Attention-enhanced deep learning framework with explainability and transfer learning for X-ray inspection
摘要
This study proposes a comprehensive defect-detection methodology for industrial welding X-ray images, integrating a lightweight deep learning model, cross-dataset transfer learning validation, and explainable AI (XAI) analysis. To address the prevalent challenges of insufficient data and inconsistent labeling standards in industrial inspection scenarios, a standardized cross-dataset workflow is established. This workflow incorporates automated image preprocessing and defect-region cropping, using the public RIAWELC and GDXray datasets for transfer learning experiments. Experimental results demonstrate that the proposed pipeline effectively enhances the model’s adaptability across diverse X-ray imaging sources and exhibits robust generalization performance.
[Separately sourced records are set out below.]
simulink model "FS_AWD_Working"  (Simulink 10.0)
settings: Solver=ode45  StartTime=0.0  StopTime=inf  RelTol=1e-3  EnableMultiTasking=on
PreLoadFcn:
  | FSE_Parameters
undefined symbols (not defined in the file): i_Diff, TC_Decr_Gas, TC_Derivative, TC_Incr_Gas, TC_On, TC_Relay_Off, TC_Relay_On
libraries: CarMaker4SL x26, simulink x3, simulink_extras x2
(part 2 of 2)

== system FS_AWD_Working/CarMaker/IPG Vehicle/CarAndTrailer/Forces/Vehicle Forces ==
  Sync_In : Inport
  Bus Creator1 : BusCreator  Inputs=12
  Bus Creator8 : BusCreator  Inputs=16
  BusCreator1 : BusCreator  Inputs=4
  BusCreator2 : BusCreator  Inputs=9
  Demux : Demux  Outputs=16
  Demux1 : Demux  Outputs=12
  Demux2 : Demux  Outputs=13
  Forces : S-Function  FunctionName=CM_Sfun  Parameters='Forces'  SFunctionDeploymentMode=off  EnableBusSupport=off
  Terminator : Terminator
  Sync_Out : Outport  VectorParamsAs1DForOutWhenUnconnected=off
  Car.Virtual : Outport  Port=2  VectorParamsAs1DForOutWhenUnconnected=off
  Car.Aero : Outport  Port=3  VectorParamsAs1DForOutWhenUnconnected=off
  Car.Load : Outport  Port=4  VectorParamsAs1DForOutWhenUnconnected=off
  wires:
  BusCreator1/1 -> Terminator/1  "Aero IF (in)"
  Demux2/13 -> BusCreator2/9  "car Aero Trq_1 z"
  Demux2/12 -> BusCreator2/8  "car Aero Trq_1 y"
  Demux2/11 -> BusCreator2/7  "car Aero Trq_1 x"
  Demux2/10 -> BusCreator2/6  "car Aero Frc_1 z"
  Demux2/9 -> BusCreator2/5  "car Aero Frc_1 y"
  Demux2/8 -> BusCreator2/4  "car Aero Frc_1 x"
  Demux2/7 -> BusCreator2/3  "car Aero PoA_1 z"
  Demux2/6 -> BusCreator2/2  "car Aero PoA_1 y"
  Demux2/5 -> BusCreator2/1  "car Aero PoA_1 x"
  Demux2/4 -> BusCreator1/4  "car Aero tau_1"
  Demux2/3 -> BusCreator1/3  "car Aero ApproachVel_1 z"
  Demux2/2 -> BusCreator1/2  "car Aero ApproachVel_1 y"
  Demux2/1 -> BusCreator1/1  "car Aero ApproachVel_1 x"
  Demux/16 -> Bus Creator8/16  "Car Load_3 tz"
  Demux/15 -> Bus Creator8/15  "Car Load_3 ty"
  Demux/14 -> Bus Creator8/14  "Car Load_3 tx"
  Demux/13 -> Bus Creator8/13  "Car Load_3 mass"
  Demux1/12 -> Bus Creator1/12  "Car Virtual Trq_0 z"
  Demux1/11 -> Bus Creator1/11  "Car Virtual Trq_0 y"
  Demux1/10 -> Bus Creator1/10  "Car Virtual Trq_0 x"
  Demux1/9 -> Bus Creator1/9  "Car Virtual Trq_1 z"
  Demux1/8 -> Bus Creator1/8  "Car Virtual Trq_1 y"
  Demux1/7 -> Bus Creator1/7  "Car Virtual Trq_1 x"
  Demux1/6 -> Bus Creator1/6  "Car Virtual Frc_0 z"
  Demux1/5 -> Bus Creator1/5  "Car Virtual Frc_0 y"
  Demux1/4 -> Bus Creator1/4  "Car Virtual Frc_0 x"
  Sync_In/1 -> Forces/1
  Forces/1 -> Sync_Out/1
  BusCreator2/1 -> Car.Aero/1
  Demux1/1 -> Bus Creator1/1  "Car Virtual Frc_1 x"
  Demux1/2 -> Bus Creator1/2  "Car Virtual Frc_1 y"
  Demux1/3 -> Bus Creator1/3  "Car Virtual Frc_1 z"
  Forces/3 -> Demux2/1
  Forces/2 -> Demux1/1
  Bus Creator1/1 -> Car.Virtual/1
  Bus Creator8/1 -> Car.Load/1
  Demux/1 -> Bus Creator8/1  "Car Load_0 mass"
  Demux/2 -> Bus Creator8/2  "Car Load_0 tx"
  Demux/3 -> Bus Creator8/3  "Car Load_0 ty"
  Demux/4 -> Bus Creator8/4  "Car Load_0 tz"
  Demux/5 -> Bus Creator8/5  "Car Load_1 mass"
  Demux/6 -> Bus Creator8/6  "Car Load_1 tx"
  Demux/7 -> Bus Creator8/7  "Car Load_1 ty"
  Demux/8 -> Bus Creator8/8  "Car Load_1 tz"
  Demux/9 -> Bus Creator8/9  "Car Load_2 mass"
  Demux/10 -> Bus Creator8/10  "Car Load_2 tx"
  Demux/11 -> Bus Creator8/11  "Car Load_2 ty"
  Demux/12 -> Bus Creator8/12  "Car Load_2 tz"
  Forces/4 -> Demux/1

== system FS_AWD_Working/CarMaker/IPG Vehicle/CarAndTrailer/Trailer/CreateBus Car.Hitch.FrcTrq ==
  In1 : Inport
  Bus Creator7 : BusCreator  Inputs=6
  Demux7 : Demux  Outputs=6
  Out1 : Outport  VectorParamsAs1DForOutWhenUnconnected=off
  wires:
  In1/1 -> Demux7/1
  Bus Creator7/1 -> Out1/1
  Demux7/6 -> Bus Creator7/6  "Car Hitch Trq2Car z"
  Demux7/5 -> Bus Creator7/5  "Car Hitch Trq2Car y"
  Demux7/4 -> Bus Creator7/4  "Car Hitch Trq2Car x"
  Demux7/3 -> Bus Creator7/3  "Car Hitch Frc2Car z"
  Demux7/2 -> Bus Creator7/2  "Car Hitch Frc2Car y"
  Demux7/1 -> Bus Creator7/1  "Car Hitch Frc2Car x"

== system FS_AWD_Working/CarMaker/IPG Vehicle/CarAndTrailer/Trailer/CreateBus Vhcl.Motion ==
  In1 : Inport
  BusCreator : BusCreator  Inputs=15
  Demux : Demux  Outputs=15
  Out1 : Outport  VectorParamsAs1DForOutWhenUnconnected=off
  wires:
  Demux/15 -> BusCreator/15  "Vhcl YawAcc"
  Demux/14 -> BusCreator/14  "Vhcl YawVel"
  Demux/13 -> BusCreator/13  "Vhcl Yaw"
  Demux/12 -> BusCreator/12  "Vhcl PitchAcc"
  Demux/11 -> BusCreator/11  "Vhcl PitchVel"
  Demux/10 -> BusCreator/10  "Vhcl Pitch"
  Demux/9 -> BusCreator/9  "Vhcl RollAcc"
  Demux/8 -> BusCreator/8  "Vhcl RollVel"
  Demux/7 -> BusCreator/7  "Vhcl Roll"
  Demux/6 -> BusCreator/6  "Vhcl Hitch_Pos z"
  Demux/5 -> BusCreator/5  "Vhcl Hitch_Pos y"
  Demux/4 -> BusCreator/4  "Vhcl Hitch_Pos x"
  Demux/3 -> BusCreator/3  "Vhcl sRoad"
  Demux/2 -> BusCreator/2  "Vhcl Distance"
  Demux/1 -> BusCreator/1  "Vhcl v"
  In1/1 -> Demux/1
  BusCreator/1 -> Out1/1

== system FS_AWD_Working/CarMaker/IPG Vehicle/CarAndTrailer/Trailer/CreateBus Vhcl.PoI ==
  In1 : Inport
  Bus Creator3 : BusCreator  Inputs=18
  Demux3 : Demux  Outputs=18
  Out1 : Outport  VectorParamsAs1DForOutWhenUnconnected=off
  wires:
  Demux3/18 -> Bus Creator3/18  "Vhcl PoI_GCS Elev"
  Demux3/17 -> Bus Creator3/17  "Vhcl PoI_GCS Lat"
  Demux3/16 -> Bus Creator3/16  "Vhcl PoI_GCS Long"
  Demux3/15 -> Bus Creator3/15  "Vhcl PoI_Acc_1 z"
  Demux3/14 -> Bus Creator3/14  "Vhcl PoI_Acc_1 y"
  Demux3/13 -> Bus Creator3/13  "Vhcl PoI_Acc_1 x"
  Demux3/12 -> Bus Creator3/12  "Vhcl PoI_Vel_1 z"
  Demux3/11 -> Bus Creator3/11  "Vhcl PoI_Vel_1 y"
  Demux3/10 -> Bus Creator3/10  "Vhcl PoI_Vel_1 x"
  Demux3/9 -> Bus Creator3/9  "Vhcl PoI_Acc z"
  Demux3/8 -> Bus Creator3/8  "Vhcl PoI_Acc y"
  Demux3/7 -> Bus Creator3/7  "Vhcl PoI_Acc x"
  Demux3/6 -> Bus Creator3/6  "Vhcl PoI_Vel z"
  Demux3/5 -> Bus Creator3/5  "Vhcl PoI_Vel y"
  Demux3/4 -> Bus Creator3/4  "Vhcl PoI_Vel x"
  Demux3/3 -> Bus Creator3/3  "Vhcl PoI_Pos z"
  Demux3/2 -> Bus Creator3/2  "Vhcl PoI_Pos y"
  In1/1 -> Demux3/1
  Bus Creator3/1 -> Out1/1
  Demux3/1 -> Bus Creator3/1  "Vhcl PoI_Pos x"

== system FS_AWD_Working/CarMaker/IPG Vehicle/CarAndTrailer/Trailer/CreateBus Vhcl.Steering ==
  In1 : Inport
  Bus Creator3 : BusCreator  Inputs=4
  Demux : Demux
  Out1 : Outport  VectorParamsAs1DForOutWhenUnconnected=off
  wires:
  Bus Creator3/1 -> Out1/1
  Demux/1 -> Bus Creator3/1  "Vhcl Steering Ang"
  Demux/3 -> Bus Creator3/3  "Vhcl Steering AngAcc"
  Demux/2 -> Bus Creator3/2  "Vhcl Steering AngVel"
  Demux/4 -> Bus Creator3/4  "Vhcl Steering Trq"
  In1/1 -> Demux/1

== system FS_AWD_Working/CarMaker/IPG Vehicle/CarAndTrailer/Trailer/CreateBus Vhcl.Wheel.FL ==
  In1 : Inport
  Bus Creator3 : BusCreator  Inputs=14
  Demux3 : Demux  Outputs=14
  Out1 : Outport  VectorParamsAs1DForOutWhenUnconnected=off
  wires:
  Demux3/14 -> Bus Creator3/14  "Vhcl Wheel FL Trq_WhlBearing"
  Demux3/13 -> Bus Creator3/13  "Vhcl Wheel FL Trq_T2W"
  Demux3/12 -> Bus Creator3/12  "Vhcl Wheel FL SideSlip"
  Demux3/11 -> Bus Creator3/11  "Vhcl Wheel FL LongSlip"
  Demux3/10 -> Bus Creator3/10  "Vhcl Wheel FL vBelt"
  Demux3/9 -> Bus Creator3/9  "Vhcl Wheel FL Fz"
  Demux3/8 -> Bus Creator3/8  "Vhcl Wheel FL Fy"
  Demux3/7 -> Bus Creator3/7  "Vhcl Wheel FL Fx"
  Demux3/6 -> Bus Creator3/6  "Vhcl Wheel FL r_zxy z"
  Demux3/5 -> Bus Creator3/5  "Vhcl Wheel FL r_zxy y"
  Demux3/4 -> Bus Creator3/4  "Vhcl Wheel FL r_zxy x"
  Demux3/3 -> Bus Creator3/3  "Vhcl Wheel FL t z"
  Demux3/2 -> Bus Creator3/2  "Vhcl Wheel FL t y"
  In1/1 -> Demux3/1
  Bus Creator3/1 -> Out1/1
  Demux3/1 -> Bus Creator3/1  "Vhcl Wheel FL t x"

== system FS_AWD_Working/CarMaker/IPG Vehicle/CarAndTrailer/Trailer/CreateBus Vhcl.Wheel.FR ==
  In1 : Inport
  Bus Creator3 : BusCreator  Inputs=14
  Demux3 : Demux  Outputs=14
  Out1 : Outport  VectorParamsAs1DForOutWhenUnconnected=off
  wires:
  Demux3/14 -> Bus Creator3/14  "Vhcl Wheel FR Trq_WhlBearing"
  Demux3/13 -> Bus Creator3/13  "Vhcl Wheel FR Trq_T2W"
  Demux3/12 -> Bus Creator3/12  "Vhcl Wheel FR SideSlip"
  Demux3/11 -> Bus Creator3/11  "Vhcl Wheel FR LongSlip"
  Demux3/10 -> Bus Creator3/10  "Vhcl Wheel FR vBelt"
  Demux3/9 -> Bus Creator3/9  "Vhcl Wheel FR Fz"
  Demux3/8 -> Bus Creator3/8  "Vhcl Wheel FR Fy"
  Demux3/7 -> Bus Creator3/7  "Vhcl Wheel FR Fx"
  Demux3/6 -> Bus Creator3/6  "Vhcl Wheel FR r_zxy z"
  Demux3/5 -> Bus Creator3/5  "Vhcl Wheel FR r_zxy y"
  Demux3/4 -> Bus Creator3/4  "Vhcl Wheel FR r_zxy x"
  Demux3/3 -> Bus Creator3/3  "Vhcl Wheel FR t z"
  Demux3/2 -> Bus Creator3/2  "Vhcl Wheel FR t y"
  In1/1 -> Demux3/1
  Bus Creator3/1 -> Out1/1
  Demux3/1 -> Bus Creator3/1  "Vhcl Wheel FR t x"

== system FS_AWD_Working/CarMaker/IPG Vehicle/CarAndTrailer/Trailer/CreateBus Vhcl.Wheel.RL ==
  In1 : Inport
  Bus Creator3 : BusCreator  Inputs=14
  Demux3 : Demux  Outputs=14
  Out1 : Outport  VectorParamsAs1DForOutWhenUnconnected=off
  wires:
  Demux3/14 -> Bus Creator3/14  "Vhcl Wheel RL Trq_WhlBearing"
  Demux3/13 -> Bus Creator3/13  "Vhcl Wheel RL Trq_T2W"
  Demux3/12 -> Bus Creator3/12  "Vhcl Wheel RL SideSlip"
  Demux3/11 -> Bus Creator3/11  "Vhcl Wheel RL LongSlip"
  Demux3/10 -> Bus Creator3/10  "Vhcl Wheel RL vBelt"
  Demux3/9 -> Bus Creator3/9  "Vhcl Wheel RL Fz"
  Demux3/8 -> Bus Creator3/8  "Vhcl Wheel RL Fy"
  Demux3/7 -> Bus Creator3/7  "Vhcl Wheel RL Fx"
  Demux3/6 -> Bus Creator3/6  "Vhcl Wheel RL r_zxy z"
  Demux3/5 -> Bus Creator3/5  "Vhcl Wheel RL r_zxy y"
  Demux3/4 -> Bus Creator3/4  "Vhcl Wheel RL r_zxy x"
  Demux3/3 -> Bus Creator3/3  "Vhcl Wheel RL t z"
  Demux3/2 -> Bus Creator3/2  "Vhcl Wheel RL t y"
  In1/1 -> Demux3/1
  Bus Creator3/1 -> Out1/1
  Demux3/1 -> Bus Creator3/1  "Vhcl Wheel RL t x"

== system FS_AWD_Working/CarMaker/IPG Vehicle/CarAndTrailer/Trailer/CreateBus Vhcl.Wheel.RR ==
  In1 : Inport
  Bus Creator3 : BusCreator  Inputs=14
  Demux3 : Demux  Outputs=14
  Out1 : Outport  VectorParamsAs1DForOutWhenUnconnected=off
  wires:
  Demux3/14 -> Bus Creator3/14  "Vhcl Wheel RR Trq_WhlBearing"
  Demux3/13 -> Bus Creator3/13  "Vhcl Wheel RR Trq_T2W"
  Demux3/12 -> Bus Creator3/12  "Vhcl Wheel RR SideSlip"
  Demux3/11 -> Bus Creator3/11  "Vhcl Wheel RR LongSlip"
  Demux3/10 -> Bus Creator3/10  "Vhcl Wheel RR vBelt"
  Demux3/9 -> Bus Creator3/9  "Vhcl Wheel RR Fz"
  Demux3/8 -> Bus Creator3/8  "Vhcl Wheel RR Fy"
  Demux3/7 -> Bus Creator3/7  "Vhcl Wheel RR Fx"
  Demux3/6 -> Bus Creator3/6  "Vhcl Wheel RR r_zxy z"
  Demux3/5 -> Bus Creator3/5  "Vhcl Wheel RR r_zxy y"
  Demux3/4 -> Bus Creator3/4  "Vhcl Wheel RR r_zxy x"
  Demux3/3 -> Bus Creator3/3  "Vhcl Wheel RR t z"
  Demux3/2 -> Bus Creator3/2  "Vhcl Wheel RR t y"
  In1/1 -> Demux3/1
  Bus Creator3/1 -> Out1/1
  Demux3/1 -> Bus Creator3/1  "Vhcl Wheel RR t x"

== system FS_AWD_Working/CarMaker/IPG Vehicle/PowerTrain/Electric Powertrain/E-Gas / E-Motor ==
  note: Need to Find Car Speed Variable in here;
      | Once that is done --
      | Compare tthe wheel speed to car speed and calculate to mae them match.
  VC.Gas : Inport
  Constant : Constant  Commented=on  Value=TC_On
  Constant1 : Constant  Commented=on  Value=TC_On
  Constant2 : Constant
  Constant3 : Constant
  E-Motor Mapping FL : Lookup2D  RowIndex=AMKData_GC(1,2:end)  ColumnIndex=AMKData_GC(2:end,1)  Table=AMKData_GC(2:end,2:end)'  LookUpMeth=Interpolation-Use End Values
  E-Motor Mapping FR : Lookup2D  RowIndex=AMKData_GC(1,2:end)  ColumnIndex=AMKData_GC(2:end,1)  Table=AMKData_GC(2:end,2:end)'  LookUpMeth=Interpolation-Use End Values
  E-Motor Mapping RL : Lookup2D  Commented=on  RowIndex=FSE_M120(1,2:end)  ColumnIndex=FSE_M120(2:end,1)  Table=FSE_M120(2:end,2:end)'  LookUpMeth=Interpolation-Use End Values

Considering the hardware resource constraints of edge computing devices in practical applications, this study further develops a lightweight ResNet15 model integrated with the Convolutional Block Attention Module (CBAM). Introducing channel and spatial attention mechanisms into the residual structure significantly enhances the representation capability of critical features, compensating for the limited feature-extraction depth found in shallower networks. Empirical results indicate that the proposed model achieves 81.81% classification accuracy with only 0.71 M parameters, performing comparably to significantly deeper architectures. This suggests that lightweight models hold substantial practical value for real-time industrial inspection. Furthermore, to improve the reliability and transparency of the model for industrial deployment, this paper employs various visualization methods, including Grad-CAM, Score-CAM, Grad-CAM++, and Eigen-CAM, to analyze the influence of the attention mechanism on model decision-making. The results show that integrating the CBAM module enables the model to focus more consistently on regions relevant to welding defects, mitigating the attention dispersion observed in the original ResNet architecture. This enhancement improves the interpretability of detection results and advances the practical feasibility of intelligent manufacturing systems.